Ah, apologies. I understand the question better now. A print would not be a derivative work, it would be a copy.
posted by odinsdream at 7:47 PM on February 25, 2005


The relevant page at CC. A print would be a verbatim copy. I'm not sure how attribution would work. You obviously would need to make it clear at the time of sale, but do you have to tag the actual print in some way?

I assume something without any license is completely off-limits.
posted by smackfu at 8:14 PM on February 25, 2005


So long as the licence doesn't contain Noncommercial, you're OK to sell someone else's pictures, assuming you abide by the other aspects of the licence - Attribution, Non-Derivative, etc.

In terms of attribution, you just have to make sure that the buyer is aware this isn't your work, and whose work it is. If, for instance, you're selling photographs, you can place the attribution on the back, so long as its clear.

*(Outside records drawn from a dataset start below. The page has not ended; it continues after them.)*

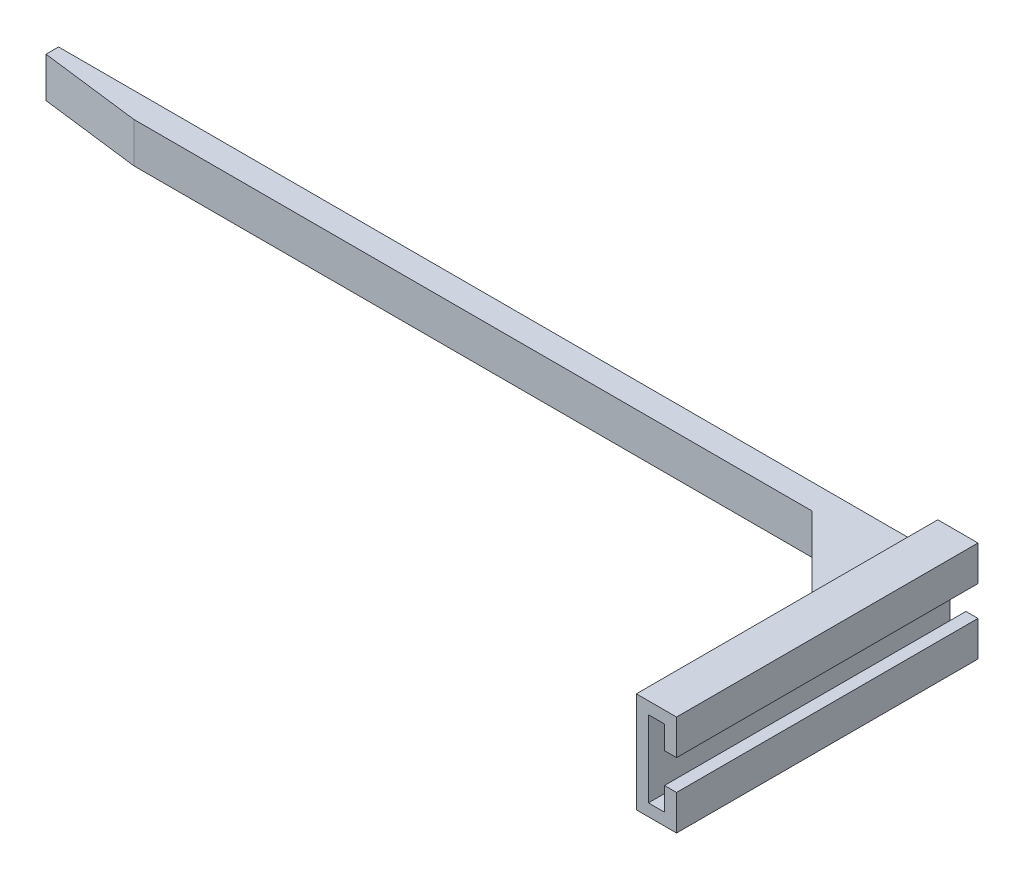
ISO-10303-21;
HEADER;
FILE_DESCRIPTION(('STEP AP214'),'2;1');
FILE_NAME('part.step','',(''),(''),'','','');
FILE_SCHEMA(('AUTOMOTIVE_DESIGN { 1 0 10303 214 1 1 1 1 }'));
ENDSEC;
DATA;
#1=APPLICATION_CONTEXT('core data for automotive mechanical design processes');
#2=APPLICATION_PROTOCOL_DEFINITION('international standard','automotive_design',2000,#1);
#3=PRODUCT_CONTEXT('',#1,'mechanical');
#4=PRODUCT('Part','Part','',(#3));
#5=PRODUCT_RELATED_PRODUCT_CATEGORY('part','',(#4));
#6=PRODUCT_DEFINITION_FORMATION('','',#4);
#7=PRODUCT_DEFINITION_CONTEXT('part definition',#1,'design');
#8=PRODUCT_DEFINITION('design','',#6,#7);
#9=PRODUCT_DEFINITION_SHAPE('','',#8);
#10=(LENGTH_UNIT() NAMED_UNIT(*) SI_UNIT(.MILLI.,.METRE.));
#11=(NAMED_UNIT(*) PLANE_ANGLE_UNIT() SI_UNIT($,.RADIAN.));
#12=(NAMED_UNIT(*) SI_UNIT($,.STERADIAN.) SOLID_ANGLE_UNIT());
#13=UNCERTAINTY_MEASURE_WITH_UNIT(LENGTH_MEASURE(1.E-05),#10,'distance_accuracy_value','');
#14=(GEOMETRIC_REPRESENTATION_CONTEXT(3) GLOBAL_UNCERTAINTY_ASSIGNED_CONTEXT((#13)) GLOBAL_UNIT_ASSIGNED_CONTEXT((#10,
#11,#12)) REPRESENTATION_CONTEXT('',''));
#15=CARTESIAN_POINT('',(0.,0.,0.));
#16=DIRECTION('',(0.,0.,1.));
#17=DIRECTION('',(1.,0.,0.));
#18=AXIS2_PLACEMENT_3D('',#15,#16,#17);
#19=CARTESIAN_POINT('',(-2.4,-2.4,60.));
#20=DIRECTION('',(-1.,0.,0.));
#21=DIRECTION('',(0.,0.,1.));
#22=AXIS2_PLACEMENT_3D('',#19,#20,#21);
#23=PLANE('',#22);
#24=DIRECTION('',(0.,-1.,0.));
#25=VECTOR('',#24,1.);
#26=CARTESIAN_POINT('',(-2.4,3.6,25.0000000000002));
#27=LINE('',#26,#25);
#28=CARTESIAN_POINT('',(-2.4,13.6,25.0000000000002));
#29=VERTEX_POINT('',#28);
#30=CARTESIAN_POINT('',(-2.4,1.6,25.0000000000002));
#31=VERTEX_POINT('',#30);
#32=EDGE_CURVE('E304',#29,#31,#27,.T.);
#33=ORIENTED_EDGE('',*,*,#32,.T.);
#34=DIRECTION('',(0.,0.,-1.));
#35=VECTOR('',#34,1.);
#36=CARTESIAN_POINT('',(-2.4,1.6,60.));
#37=LINE('',#36,#35);
#38=CARTESIAN_POINT('',(-2.4,1.6,0.));
#39=VERTEX_POINT('',#38);
#40=EDGE_CURVE('E319',#31,#39,#37,.T.);
#41=ORIENTED_EDGE('',*,*,#40,.T.);
#42=DIRECTION('',(0.,1.,0.));
#43=VECTOR('',#42,1.);
#44=CARTESIAN_POINT('',(-2.4,-2.4,0.));
#45=LINE('',#44,#43);
#46=CARTESIAN_POINT('',(-2.4,-2.4,0.));
#47=VERTEX_POINT('',#46);
#48=EDGE_CURVE('E262',#47,#39,#45,.T.);
#49=ORIENTED_EDGE('',*,*,#48,.F.);
#50=DIRECTION('',(0.,0.,-1.));
#51=VECTOR('',#50,1.);
#52=CARTESIAN_POINT('',(-2.4,-2.4,60.));
#53=LINE('',#52,#51);
#54=CARTESIAN_POINT('',(-2.4,-2.4,60.));
#55=VERTEX_POINT('',#54);
#56=EDGE_CURVE('E288',#55,#47,#53,.T.);
#57=ORIENTED_EDGE('',*,*,#56,.F.);
#58=DIRECTION('',(0.,1.,0.));
#59=VECTOR('',#58,1.);
#60=CARTESIAN_POINT('',(-2.4,-2.4,60.));
#61=LINE('',#60,#59);
#62=CARTESIAN_POINT('',(-2.4,17.6,60.));
#63=VERTEX_POINT('',#62);
#64=EDGE_CURVE('E225',#55,#63,#61,.T.);
#65=ORIENTED_EDGE('',*,*,#64,.T.);
#66=DIRECTION('',(0.,0.,-1.));
#67=VECTOR('',#66,1.);
#68=CARTESIAN_POINT('',(-2.4,17.6,60.));
#69=LINE('',#68,#67);
#70=CARTESIAN_POINT('',(-2.4,17.6,0.));
#71=VERTEX_POINT('',#70);
#72=EDGE_CURVE('E290',#63,#71,#69,.T.);
#73=ORIENTED_EDGE('',*,*,#72,.T.);
#74=CARTESIAN_POINT('',(-2.4,13.6,0.));
#75=VERTEX_POINT('',#74);
#76=EDGE_CURVE('E261',#75,#71,#45,.T.);
#77=ORIENTED_EDGE('',*,*,#76,.F.);
#78=DIRECTION('',(0.,0.,1.));
#79=VECTOR('',#78,1.);
#80=CARTESIAN_POINT('',(-2.4,13.6,25.0000000000002));
#81=LINE('',#80,#79);
#82=EDGE_CURVE('E316',#75,#29,#81,.T.);
#83=ORIENTED_EDGE('',*,*,#82,.T.);
#84=EDGE_LOOP('',(#33,#41,#49,#57,#65,#73,#77,#83));
#85=FACE_BOUND('',#84,.T.);
#86=ADVANCED_FACE('F41',(#85),#23,.T.);
#87=CARTESIAN_POINT('',(0.,0.,60.));
#88=DIRECTION('',(-1.,0.,0.));
#89=DIRECTION('',(0.,0.,1.));
#90=AXIS2_PLACEMENT_3D('',#87,#88,#89);
#91=PLANE('',#90);
#92=DIRECTION('',(0.,1.,0.));
#93=VECTOR('',#92,1.);
#94=CARTESIAN_POINT('',(0.,0.,0.));
#95=LINE('',#94,#93);
#96=CARTESIAN_POINT('',(0.,0.,0.));
#97=VERTEX_POINT('',#96);
#98=CARTESIAN_POINT('',(0.,15.2,0.));
#99=VERTEX_POINT('',#98);
#100=EDGE_CURVE('E242',#97,#99,#95,.T.);
#101=ORIENTED_EDGE('',*,*,#100,.T.);
#102=DIRECTION('',(0.,0.,-1.));
#103=VECTOR('',#102,1.);
#104=CARTESIAN_POINT('',(0.,15.2,60.));
#105=LINE('',#104,#103);
#106=CARTESIAN_POINT('',(0.,15.2,60.));
#107=VERTEX_POINT('',#106);
#108=EDGE_CURVE('E301',#107,#99,#105,.T.);
#109=ORIENTED_EDGE('',*,*,#108,.F.);
#110=DIRECTION('',(0.,1.,0.));
#111=VECTOR('',#110,1.);
#112=CARTESIAN_POINT('',(0.,0.,60.));
#113=LINE('',#112,#111);
#114=CARTESIAN_POINT('',(0.,0.,60.));
#115=VERTEX_POINT('',#114);
#116=EDGE_CURVE('E208',#115,#107,#113,.T.);
#117=ORIENTED_EDGE('',*,*,#116,.F.);
#118=DIRECTION('',(0.,0.,-1.));
#119=VECTOR('',#118,1.);
#120=CARTESIAN_POINT('',(0.,0.,60.));
#121=LINE('',#120,#119);
#122=EDGE_CURVE('E241',#115,#97,#121,.T.);
#123=ORIENTED_EDGE('',*,*,#122,.T.);
#124=EDGE_LOOP('',(#101,#109,#117,#123));
#125=FACE_BOUND('',#124,.T.);
#126=ADVANCED_FACE('F379',(#125),#91,.F.);
#127=CARTESIAN_POINT('',(0.,15.2,60.));
#128=DIRECTION('',(0.,1.,0.));
#129=DIRECTION('',(0.,0.,1.));
#130=AXIS2_PLACEMENT_3D('',#127,#128,#129);
#131=PLANE('',#130);
#132=DIRECTION('',(1.,0.,0.));
#133=VECTOR('',#132,1.);
#134=CARTESIAN_POINT('',(0.,15.2,0.));
#135=LINE('',#134,#133);
#136=CARTESIAN_POINT('',(3.2,15.2,0.));
#137=VERTEX_POINT('',#136);
#138=EDGE_CURVE('E245',#99,#137,#135,.T.);
#139=ORIENTED_EDGE('',*,*,#138,.T.);
#140=DIRECTION('',(0.,0.,-1.));
#141=VECTOR('',#140,1.);
#142=CARTESIAN_POINT('',(3.2,15.2,60.));
#143=LINE('',#142,#141);
#144=CARTESIAN_POINT('',(3.2,15.2,60.));
#145=VERTEX_POINT('',#144);
#146=EDGE_CURVE('E299',#145,#137,#143,.T.);
#147=ORIENTED_EDGE('',*,*,#146,.F.);
#148=DIRECTION('',(1.,0.,0.));
#149=VECTOR('',#148,1.);
#150=CARTESIAN_POINT('',(0.,15.2,60.));
#151=LINE('',#150,#149);
#152=EDGE_CURVE('E211',#107,#145,#151,.T.);
#153=ORIENTED_EDGE('',*,*,#152,.F.);
#154=ORIENTED_EDGE('',*,*,#108,.T.);
#155=EDGE_LOOP('',(#139,#147,#153,#154));
#156=FACE_BOUND('',#155,.T.);
#157=ADVANCED_FACE('F375',(#156),#131,.F.);
#158=CARTESIAN_POINT('',(3.2,10.6,60.));
#159=DIRECTION('',(-1.,0.,0.));
#160=DIRECTION('',(0.,0.,1.));
#161=AXIS2_PLACEMENT_3D('',#158,#159,#160);
#162=PLANE('',#161);
#163=DIRECTION('',(0.,1.,0.));
#164=VECTOR('',#163,1.);
#165=CARTESIAN_POINT('',(3.2,10.6,0.));
#166=LINE('',#165,#164);
#167=CARTESIAN_POINT('',(3.2,10.6,0.));
#168=VERTEX_POINT('',#167);
#169=EDGE_CURVE('E249',#168,#137,#166,.T.);
#170=ORIENTED_EDGE('',*,*,#169,.F.);
#171=DIRECTION('',(0.,0.,-1.));
#172=VECTOR('',#171,1.);
#173=CARTESIAN_POINT('',(3.2,10.6,60.));
#174=LINE('',#173,#172);
#175=CARTESIAN_POINT('',(3.2,10.6,60.));
#176=VERTEX_POINT('',#175);
#177=EDGE_CURVE('E297',#176,#168,#174,.T.);
#178=ORIENTED_EDGE('',*,*,#177,.F.);
#179=DIRECTION('',(0.,1.,0.));
#180=VECTOR('',#179,1.);
#181=CARTESIAN_POINT('',(3.2,10.6,60.));
#182=LINE('',#181,#180);
#183=EDGE_CURVE('E214',#176,#145,#182,.T.);
#184=ORIENTED_EDGE('',*,*,#183,.T.);
#185=ORIENTED_EDGE('',*,*,#146,.T.);
#186=EDGE_LOOP('',(#170,#178,#184,#185));
#187=FACE_BOUND('',#186,.T.);
#188=ADVANCED_FACE('F371',(#187),#162,.T.);
#189=CARTESIAN_POINT('',(5.6,10.6,60.));
#190=DIRECTION('',(0.,-1.,0.));
#191=DIRECTION('',(0.,0.,-1.));
#192=AXIS2_PLACEMENT_3D('',#189,#190,#191);
#193=PLANE('',#192);
#194=DIRECTION('',(-1.,0.,0.));
#195=VECTOR('',#194,1.);
#196=CARTESIAN_POINT('',(5.6,10.6,0.));
#197=LINE('',#196,#195);
#198=CARTESIAN_POINT('',(5.6,10.6,0.));
#199=VERTEX_POINT('',#198);
#200=EDGE_CURVE('E252',#199,#168,#197,.T.);
#201=ORIENTED_EDGE('',*,*,#200,.F.);
#202=DIRECTION('',(0.,0.,-1.));
#203=VECTOR('',#202,1.);
#204=CARTESIAN_POINT('',(5.6,10.6,60.));
#205=LINE('',#204,#203);
#206=CARTESIAN_POINT('',(5.6,10.6,60.));
#207=VERTEX_POINT('',#206);
#208=EDGE_CURVE('E295',#207,#199,#205,.T.);
#209=ORIENTED_EDGE('',*,*,#208,.F.);
#210=DIRECTION('',(-1.,0.,0.));
#211=VECTOR('',#210,1.);
#212=CARTESIAN_POINT('',(5.6,10.6,60.));
#213=LINE('',#212,#211);
#214=EDGE_CURVE('E217',#207,#176,#213,.T.);
#215=ORIENTED_EDGE('',*,*,#214,.T.);
#216=ORIENTED_EDGE('',*,*,#177,.T.);
#217=EDGE_LOOP('',(#201,#209,#215,#216));
#218=FACE_BOUND('',#217,.T.);
#219=ADVANCED_FACE('F368',(#218),#193,.T.);
#220=CARTESIAN_POINT('',(5.6,10.6,60.));
#221=DIRECTION('',(-1.,0.,0.));
#222=DIRECTION('',(0.,-1.,0.));
#223=AXIS2_PLACEMENT_3D('',#220,#221,#222);
#224=PLANE('',#223);
#225=DIRECTION('',(0.,1.,0.));
#226=VECTOR('',#225,1.);
#227=CARTESIAN_POINT('',(5.6,10.6,0.));
#228=LINE('',#227,#226);
#229=CARTESIAN_POINT('',(5.6,17.6,0.));
#230=VERTEX_POINT('',#229);
#231=EDGE_CURVE('E255',#199,#230,#228,.T.);
#232=ORIENTED_EDGE('',*,*,#231,.T.);
#233=DIRECTION('',(0.,0.,-1.));
#234=VECTOR('',#233,1.);
#235=CARTESIAN_POINT('',(5.6,17.6,60.));
#236=LINE('',#235,#234);
#237=CARTESIAN_POINT('',(5.6,17.6,60.));
#238=VERTEX_POINT('',#237);
#239=EDGE_CURVE('E293',#238,#230,#236,.T.);
#240=ORIENTED_EDGE('',*,*,#239,.F.);
#241=DIRECTION('',(0.,1.,0.));
#242=VECTOR('',#241,1.);
#243=CARTESIAN_POINT('',(5.6,10.6,60.));
#244=LINE('',#243,#242);
#245=EDGE_CURVE('E220',#207,#238,#244,.T.);
#246=ORIENTED_EDGE('',*,*,#245,.F.);
#247=ORIENTED_EDGE('',*,*,#208,.T.);
#248=EDGE_LOOP('',(#232,#240,#246,#247));
#249=FACE_BOUND('',#248,.T.);
#250=ADVANCED_FACE('F365',(#249),#224,.F.);
#251=CARTESIAN_POINT('',(-2.4,17.6,60.));
#252=DIRECTION('',(0.,1.,0.));
#253=DIRECTION('',(0.,0.,1.));
#254=AXIS2_PLACEMENT_3D('',#251,#252,#253);
#255=PLANE('',#254);
#256=DIRECTION('',(1.,0.,0.));
#257=VECTOR('',#256,1.);
#258=CARTESIAN_POINT('',(-2.4,17.6,0.));
#259=LINE('',#258,#257);
#260=EDGE_CURVE('E258',#71,#230,#259,.T.);
#261=ORIENTED_EDGE('',*,*,#260,.F.);
#262=ORIENTED_EDGE('',*,*,#72,.F.);
#263=DIRECTION('',(1.,0.,0.));
#264=VECTOR('',#263,1.);
#265=CARTESIAN_POINT('',(-2.4,17.6,60.));
#266=LINE('',#265,#264);
#267=EDGE_CURVE('E222',#63,#238,#266,.T.);
#268=ORIENTED_EDGE('',*,*,#267,.T.);
#269=ORIENTED_EDGE('',*,*,#239,.T.);
#270=EDGE_LOOP('',(#261,#262,#268,#269));
#271=FACE_BOUND('',#270,.T.);
#272=ADVANCED_FACE('F360',(#271),#255,.T.);
#273=CARTESIAN_POINT('',(-2.4,-2.4,60.));
#274=DIRECTION('',(0.,1.,0.));
#275=DIRECTION('',(-1.,0.,0.));
#276=AXIS2_PLACEMENT_3D('',#273,#274,#275);
#277=PLANE('',#276);
#278=DIRECTION('',(1.,0.,0.));
#279=VECTOR('',#278,1.);
#280=CARTESIAN_POINT('',(-2.4,-2.4,0.));
#281=LINE('',#280,#279);
#282=CARTESIAN_POINT('',(5.6,-2.4,0.));
#283=VERTEX_POINT('',#282);
#284=EDGE_CURVE('E265',#47,#283,#281,.T.);
#285=ORIENTED_EDGE('',*,*,#284,.T.);
#286=DIRECTION('',(0.,0.,-1.));
#287=VECTOR('',#286,1.);
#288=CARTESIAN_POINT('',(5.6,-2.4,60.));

As had been stated before, no CC license implies All Rights Reserved - you can't touch this without permission.
posted by benzo8 at 12:14 AM on February 26, 2005


Legalities aside, selling prints of someone else's pictures at a price any higher than your cost seems like a shallow business model. Are you facilitating a process from photographer to buyer that both sides have encouraged, or are you taking advantage of someone and pocketing the difference? If this is an above-the-board deal, why bring your question here? You should be asking the photographer. I don't want you selling pictures of my life, without telling me, to people who I don't know want them. Now, if Flickr had a 'prints sold' counter for every picture that would reflect anything you sold, that would be closer to fair. Sharing the difference with the photographer would be closer. Automate a process, always ask for permission, notify both sides of the deal about each other, keep track of what you do. Don't be a jerk.
posted by airguitar at 12:36 AM on February 26, 2005


airguitar:

1. Snark doesn't help anyone on Ask.MeFi
2. Check out www.creativecommons.org - the question is specifically about works which their originators have already decided to release under a license which allows specifically what you think is so underhand and unfair.
posted by benzo8 at 12:49 AM on February 26, 2005


Are you facilitating a process from photographer to buyer that both sides have encouraged

probably.

if i have am using a license that allows other people to copy my work and sell it at a profit, and the terms of that license are clear and anyone can read them, i would be encouraging that activity.
posted by striatic at 1:13 AM on February 26, 2005


I say on my profile page that all my photos are public domain. You are therefore allowed to do whatever you want with them. That includes selling prints.
posted by krisjohn at 3:18 AM on February 26, 2005


Yeah, I mean, I'm thinking about this... It makes sense that if I choose a Creative Commons license that says 'do whatever you want with this', then doing whatever you want would include selling prints, that's fine. And nobody who didn't choose a CC license would have their pictures printed and sold, but... Flickr just seems different to me than a song or a paper that might get CCed. It's a community, it's also very amateur, people contribute what they have to be part of something bigger, these networks of networks, groups of friends and family; not to have their pictures printed and sold by someone they don't know.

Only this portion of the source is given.